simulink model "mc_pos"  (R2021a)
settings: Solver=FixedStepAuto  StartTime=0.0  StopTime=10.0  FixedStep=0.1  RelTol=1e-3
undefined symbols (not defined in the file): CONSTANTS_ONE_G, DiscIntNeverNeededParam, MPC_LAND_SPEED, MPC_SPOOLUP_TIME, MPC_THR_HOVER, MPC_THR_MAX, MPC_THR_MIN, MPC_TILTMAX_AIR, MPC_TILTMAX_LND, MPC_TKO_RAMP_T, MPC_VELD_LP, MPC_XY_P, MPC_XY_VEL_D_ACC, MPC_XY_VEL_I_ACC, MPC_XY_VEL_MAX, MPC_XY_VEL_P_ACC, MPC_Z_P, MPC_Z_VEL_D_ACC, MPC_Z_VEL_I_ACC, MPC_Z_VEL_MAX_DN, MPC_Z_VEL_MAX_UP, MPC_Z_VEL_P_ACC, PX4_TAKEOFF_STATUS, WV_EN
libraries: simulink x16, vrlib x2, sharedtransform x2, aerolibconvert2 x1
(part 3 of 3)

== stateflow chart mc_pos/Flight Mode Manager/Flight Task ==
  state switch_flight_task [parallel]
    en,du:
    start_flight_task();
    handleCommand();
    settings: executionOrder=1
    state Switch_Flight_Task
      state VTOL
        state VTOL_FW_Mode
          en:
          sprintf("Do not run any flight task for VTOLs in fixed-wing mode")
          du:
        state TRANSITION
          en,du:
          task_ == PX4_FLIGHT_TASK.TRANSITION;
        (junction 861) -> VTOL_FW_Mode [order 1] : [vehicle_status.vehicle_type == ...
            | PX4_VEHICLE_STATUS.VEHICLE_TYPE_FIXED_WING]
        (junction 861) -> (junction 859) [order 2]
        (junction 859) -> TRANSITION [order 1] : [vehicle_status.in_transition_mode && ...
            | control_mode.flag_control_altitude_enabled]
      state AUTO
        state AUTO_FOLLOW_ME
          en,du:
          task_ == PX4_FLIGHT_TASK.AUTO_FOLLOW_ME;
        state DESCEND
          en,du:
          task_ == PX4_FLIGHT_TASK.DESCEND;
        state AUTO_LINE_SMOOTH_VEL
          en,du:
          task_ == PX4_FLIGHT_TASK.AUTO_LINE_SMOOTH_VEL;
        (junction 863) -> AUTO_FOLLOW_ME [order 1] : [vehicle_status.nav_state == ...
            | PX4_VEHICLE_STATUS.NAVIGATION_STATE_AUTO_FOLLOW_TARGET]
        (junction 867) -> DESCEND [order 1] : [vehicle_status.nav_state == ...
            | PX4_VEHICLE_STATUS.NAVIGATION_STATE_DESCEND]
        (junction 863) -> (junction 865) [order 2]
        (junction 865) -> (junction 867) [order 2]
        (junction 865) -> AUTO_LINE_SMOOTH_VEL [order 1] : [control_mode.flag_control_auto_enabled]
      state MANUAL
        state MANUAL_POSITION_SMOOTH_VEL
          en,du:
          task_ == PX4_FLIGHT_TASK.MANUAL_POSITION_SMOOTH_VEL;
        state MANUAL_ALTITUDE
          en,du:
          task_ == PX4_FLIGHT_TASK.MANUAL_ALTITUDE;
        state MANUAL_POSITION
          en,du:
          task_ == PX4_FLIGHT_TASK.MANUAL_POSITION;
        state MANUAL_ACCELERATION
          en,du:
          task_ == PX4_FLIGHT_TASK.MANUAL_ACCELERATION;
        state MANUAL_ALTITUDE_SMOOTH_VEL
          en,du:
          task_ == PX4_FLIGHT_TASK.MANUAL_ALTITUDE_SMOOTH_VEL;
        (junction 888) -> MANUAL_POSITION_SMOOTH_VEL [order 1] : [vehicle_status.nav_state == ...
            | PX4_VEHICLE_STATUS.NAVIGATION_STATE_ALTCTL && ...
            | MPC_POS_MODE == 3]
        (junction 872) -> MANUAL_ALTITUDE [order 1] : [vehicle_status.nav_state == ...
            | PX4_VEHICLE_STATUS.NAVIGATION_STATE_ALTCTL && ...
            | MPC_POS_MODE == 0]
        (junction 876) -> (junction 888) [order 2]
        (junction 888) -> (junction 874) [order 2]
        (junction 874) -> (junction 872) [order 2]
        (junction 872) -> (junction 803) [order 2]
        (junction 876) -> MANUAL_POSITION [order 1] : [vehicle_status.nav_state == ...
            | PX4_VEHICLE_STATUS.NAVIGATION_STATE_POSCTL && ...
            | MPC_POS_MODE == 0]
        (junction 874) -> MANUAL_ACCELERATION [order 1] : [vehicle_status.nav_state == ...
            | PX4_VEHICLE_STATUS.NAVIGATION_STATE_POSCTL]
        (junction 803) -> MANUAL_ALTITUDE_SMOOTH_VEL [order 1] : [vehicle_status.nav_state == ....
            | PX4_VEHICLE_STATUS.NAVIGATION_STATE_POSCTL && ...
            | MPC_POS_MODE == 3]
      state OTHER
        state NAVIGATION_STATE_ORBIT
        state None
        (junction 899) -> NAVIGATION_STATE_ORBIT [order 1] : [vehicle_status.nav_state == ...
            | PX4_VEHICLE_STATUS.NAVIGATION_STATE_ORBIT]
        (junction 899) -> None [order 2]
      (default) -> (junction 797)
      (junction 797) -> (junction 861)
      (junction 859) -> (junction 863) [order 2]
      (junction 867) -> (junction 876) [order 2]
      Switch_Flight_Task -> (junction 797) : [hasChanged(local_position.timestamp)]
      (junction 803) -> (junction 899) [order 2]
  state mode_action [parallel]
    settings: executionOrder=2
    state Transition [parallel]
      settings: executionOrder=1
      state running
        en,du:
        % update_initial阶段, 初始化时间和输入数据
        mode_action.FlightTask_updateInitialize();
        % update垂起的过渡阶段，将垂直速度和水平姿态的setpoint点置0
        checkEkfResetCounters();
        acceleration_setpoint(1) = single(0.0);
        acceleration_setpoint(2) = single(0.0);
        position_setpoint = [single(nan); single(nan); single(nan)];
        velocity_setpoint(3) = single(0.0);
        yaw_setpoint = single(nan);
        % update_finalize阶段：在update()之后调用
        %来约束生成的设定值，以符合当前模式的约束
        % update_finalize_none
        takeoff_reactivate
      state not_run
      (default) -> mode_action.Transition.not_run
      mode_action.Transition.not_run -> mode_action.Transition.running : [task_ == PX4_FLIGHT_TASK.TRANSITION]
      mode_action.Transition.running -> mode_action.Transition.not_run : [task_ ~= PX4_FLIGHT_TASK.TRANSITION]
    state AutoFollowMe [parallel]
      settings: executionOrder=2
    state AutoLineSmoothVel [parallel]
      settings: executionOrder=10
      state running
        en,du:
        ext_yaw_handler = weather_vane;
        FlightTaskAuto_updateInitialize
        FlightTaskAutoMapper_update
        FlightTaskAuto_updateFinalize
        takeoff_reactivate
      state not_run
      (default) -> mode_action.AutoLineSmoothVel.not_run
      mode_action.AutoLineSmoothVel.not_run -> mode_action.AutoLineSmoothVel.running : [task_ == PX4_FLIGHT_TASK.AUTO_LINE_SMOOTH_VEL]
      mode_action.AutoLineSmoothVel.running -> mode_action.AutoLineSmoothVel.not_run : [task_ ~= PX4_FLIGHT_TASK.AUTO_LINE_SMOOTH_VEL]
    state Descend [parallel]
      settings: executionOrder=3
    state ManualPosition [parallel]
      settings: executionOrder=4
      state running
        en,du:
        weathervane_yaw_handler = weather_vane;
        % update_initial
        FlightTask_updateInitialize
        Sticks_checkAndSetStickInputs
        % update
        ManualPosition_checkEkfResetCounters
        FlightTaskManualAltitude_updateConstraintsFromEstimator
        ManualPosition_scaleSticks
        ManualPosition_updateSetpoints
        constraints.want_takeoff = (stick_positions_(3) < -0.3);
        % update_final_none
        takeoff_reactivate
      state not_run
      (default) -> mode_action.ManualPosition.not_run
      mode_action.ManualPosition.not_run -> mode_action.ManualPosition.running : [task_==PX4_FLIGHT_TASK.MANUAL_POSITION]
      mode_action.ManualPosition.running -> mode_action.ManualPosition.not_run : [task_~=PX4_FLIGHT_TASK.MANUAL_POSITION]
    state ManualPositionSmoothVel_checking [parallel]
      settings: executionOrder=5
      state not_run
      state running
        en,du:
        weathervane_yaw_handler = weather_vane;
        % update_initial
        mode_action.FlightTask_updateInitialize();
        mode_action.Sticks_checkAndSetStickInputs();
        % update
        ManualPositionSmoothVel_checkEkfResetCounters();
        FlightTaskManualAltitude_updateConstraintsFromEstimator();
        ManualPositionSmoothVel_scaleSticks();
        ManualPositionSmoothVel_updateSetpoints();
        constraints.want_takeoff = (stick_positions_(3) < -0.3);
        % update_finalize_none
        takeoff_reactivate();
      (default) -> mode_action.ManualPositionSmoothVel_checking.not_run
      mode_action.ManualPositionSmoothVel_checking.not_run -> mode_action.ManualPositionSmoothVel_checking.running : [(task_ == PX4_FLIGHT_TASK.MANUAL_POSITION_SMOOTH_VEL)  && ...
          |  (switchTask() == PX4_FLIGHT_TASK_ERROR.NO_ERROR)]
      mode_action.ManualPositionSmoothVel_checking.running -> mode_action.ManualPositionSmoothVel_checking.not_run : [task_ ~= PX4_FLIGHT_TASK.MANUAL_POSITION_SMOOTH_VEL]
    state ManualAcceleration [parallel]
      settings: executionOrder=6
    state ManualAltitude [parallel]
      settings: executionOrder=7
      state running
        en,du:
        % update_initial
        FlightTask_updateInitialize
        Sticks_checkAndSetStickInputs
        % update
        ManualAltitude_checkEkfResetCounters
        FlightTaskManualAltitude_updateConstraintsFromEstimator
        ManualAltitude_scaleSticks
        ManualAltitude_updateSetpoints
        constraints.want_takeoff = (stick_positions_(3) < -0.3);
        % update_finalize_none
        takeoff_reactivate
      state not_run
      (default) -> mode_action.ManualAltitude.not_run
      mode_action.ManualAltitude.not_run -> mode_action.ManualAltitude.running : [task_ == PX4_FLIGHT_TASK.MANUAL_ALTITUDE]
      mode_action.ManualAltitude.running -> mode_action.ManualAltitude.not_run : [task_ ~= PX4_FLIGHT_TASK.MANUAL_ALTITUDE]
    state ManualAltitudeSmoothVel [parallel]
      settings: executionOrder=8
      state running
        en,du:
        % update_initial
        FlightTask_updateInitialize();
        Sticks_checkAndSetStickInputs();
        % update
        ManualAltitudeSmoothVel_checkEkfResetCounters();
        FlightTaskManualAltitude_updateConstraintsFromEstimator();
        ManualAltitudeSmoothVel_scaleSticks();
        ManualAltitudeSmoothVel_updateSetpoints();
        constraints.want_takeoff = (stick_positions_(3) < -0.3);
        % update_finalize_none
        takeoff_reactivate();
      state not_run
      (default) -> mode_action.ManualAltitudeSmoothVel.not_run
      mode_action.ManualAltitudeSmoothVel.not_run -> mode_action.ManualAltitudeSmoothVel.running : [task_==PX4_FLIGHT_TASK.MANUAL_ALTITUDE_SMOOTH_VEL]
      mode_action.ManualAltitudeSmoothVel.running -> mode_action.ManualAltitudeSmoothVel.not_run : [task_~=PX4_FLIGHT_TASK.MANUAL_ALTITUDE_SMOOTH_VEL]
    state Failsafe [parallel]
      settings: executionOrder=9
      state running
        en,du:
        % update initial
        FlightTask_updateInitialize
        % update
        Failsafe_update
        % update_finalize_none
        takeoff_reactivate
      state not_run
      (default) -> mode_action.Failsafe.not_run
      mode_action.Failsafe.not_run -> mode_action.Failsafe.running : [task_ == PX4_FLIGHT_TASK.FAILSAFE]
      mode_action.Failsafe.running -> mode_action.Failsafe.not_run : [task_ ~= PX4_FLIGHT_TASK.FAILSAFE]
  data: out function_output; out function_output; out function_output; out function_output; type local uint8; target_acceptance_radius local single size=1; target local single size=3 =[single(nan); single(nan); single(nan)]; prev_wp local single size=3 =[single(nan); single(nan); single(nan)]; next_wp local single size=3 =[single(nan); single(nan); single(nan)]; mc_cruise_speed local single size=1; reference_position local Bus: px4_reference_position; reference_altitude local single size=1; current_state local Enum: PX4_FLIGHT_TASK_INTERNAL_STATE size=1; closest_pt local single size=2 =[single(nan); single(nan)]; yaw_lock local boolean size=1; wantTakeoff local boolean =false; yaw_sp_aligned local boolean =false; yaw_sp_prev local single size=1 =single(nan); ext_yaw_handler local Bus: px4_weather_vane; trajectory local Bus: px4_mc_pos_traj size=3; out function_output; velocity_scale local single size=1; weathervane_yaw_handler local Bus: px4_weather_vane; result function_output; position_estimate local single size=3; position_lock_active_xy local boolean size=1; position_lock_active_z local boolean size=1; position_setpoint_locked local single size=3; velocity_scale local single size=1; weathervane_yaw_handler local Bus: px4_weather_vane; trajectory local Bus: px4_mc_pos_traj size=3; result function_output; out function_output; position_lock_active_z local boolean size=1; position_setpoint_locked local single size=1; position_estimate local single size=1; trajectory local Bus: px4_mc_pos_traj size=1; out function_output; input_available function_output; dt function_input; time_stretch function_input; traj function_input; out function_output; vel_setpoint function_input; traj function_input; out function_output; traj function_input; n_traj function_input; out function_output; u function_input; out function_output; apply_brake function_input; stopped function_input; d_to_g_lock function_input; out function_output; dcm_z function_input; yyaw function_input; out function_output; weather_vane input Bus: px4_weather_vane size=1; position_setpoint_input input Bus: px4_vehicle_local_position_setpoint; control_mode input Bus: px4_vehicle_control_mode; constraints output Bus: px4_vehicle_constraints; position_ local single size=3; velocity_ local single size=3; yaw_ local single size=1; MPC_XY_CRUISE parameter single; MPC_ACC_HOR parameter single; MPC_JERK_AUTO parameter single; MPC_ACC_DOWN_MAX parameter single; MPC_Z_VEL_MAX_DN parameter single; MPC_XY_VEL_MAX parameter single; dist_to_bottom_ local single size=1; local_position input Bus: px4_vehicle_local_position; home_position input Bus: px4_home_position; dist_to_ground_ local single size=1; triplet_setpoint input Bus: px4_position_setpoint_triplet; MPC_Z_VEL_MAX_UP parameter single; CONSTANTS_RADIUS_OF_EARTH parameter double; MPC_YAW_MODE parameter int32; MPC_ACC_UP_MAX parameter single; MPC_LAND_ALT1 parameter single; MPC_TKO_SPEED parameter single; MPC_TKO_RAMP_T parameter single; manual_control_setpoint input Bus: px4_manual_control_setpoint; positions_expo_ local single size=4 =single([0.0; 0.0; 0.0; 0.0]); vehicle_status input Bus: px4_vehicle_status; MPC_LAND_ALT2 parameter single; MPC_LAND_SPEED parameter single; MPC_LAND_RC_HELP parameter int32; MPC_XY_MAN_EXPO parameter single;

___

ASSIGNMENT |
For this exercise, output exactly the lines above from the line with "state Descend [parallel]" to the line with "ManualPosition_checkEkfResetCounters", counting both, and leave out the rest.

TASK SOLUTION |
    state Descend [parallel]
      settings: executionOrder=3
    state ManualPosition [parallel]
      settings: executionOrder=4
      state running
        en,du:
        weathervane_yaw_handler = weather_vane;
        % update_initial
        FlightTask_updateInitialize
        Sticks_checkAndSetStickInputs
        % update
        ManualPosition_checkEkfResetCounters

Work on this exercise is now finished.